Alka meletakkan kepalanya di atas meja yang penuh dengan tumpukan buku. Ia sudah cukup lelah belajar. Kalau saja bundanya tidak mengancam akan menyita mobil kesayangannya, mana mau Alka belajar. Semua itu terjadi karena nilai-nilai Alka mendadak turun drastis.
"Bang, zaman apa sih sekarang? Masih musim ya belajar?" ucap Alika begitu masuk ke dalam kamar kembarannya. Lantas merebahkan tubuhnya di atas king size milik Alka.
Alka mendengus kesal mendengarnya lalu melempar buku ke arah Alika. Dengan sigap, Alika menangkap buku yang dilayangkan oleh kembarannya itu.
"Punya hape canggih buat apa, Bang? Kalo buku masih tetap jadi yang utama saat ulangan tiba?" sindir gadis itu, membuat Alka menatap jengkel padanya.
"Bacot banget sih, lo! Udah sana keluar dari kamar gue!" usir laki-laki itu.
"Santuy dong, Bang. Gue kan kangen tidur sama lo. Malam ini gue nginep di kamar lo, ya." Alika menatap Alka dengan sorot binar memohon.
"Wani piro?" goda Alka disertai kekehan ringan.
Alika berdecak, lantas melempar kembali buku yang semula Alka layangkan padanya. "Ngeselin banget sih lo!"
Alka bangkit dari duduknya lantas berjalan mengambil jaket yang menggantung di kapstok kamarnya. Kemudian merapikan penampilannya di depan cermin. Gerak-gerik Alka tidak lepas dari mata Alika.
"Mau kemana lo, Bang?"
Alka berjalan ke arah nakas dan mengambil ponselnya yang tergeletak di atas sana. "Mau nemuin masa depan gue. Calon kakak ipar lo kelak," cengirnnya menjawab.

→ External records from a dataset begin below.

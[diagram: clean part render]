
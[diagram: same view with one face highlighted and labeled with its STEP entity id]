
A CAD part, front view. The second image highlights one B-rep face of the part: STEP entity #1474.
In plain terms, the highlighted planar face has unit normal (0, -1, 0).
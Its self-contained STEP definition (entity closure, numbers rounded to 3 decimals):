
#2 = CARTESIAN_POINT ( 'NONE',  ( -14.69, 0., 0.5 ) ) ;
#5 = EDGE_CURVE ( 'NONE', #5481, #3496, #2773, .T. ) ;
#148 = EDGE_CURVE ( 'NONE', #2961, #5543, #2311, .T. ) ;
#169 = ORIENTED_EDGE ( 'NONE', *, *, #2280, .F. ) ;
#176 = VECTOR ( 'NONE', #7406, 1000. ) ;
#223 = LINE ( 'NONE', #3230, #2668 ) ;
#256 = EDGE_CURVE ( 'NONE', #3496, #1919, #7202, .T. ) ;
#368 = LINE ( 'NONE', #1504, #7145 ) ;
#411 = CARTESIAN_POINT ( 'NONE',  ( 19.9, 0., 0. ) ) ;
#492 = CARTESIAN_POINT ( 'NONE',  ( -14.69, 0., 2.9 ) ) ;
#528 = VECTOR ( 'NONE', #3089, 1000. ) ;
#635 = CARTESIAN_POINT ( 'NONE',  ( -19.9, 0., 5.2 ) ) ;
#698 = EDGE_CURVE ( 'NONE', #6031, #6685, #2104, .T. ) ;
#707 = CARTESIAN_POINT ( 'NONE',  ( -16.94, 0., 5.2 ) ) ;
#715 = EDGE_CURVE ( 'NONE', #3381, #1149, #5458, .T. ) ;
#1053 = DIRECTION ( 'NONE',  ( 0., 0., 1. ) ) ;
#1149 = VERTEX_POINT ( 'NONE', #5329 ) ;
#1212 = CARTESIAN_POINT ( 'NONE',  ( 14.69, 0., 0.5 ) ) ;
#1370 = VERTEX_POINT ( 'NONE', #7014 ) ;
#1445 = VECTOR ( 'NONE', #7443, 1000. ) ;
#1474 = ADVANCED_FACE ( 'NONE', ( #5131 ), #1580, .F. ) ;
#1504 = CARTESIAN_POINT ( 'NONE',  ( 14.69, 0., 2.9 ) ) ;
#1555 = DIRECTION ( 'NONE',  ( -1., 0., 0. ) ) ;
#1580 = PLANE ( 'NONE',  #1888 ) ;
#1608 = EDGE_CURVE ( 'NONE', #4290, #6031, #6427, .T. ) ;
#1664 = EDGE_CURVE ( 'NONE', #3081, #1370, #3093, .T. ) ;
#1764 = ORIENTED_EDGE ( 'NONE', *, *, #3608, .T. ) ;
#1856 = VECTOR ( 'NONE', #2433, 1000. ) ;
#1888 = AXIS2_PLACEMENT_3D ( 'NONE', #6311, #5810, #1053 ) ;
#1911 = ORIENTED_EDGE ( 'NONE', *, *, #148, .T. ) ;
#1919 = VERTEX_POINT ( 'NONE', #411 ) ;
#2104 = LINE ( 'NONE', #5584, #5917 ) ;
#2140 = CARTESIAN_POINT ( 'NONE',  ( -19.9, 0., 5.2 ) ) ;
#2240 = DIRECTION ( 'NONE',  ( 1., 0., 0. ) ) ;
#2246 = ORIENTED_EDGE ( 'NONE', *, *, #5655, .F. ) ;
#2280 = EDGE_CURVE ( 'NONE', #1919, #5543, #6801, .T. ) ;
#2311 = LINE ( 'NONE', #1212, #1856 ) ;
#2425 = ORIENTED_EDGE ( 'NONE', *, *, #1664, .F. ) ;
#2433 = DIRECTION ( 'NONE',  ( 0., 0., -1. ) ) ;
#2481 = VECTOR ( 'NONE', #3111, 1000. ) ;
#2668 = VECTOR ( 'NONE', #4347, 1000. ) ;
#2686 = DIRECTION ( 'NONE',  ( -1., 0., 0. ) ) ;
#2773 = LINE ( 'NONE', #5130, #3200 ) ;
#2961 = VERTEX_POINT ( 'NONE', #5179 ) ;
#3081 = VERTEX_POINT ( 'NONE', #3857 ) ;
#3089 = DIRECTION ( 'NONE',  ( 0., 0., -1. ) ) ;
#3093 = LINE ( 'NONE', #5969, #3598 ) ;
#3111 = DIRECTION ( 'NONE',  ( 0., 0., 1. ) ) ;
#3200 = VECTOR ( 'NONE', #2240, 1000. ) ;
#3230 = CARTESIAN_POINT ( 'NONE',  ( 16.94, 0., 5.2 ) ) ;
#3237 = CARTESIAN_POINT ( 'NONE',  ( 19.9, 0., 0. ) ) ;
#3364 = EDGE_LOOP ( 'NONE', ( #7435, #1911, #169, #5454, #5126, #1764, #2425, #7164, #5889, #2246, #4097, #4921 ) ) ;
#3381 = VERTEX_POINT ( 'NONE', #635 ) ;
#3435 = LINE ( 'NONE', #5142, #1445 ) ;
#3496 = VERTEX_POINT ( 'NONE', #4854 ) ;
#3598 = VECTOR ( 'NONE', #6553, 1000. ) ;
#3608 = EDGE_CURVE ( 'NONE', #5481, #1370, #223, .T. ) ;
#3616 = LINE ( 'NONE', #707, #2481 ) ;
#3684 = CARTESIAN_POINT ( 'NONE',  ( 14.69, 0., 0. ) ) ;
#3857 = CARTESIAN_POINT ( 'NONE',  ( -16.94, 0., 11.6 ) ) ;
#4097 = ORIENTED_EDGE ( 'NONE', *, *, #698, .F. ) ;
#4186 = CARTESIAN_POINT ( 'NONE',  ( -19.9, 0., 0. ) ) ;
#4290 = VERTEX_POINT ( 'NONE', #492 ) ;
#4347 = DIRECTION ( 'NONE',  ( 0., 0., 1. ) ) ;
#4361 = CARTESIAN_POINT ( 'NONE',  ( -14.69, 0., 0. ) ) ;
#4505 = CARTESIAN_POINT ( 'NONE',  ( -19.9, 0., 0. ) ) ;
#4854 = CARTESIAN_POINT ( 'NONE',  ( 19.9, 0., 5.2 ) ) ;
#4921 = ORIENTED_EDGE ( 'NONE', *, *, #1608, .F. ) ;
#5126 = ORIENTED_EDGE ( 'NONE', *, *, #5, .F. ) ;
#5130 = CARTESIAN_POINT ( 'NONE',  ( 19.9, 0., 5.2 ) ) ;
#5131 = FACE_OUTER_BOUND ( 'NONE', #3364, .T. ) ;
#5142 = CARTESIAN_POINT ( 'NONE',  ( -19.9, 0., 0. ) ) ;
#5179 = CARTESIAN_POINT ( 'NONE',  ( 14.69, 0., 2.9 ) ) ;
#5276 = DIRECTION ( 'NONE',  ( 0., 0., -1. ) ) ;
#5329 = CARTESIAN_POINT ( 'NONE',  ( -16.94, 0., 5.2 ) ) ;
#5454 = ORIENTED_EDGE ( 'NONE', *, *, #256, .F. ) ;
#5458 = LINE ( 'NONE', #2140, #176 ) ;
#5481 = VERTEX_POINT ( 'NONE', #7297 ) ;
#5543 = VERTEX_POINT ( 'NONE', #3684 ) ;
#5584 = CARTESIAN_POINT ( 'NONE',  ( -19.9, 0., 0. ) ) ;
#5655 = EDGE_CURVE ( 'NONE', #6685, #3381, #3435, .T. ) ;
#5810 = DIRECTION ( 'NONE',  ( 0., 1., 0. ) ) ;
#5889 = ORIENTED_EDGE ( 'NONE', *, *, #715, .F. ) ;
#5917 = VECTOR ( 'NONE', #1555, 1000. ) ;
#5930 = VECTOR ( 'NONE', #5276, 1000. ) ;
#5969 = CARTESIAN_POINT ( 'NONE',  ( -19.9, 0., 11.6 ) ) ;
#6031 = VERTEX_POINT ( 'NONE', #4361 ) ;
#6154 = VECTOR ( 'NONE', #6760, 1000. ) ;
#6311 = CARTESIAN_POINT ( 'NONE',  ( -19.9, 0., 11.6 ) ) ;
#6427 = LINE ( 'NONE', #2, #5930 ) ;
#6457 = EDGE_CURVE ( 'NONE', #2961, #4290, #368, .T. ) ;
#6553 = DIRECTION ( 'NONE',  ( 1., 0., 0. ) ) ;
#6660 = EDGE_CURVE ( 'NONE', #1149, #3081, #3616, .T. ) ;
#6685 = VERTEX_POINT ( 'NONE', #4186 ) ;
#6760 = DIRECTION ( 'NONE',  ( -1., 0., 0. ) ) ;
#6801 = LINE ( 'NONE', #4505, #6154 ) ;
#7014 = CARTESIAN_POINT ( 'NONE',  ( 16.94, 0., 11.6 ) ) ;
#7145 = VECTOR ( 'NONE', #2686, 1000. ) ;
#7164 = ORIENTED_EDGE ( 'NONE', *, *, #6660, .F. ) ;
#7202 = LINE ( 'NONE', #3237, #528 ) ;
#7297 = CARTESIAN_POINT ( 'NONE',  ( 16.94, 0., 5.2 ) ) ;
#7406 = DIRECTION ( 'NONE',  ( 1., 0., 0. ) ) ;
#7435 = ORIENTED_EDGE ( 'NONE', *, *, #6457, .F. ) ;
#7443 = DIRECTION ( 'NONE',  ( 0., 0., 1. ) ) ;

Alika bangun dari posisi tidurnya. "Emang ada yang mau sama lo?"
Alka tertawa mendengarnya lalu melangkah mendekati Alika. Menarik hidung bangir adiknya sampai berubah berwarna merah. "Ngeraguin gue nih ceritanya?"
Alika mencebik kesal sembari mengusap hidungnya yang memerah karena ulah sang kakak. Detik berikutnya ia tersenyum dan menarik tubuh Alka untuk berbaring bersamanya lalu memeluknya dengan erat. Mereka tertawa bersama, kemudian Alka meletakkan kepala Alika untuk bersandar di d**a bidangnya.
"Gue sayang banget sama lo," ucap Alka lalu mengecup puncak kepala Alika.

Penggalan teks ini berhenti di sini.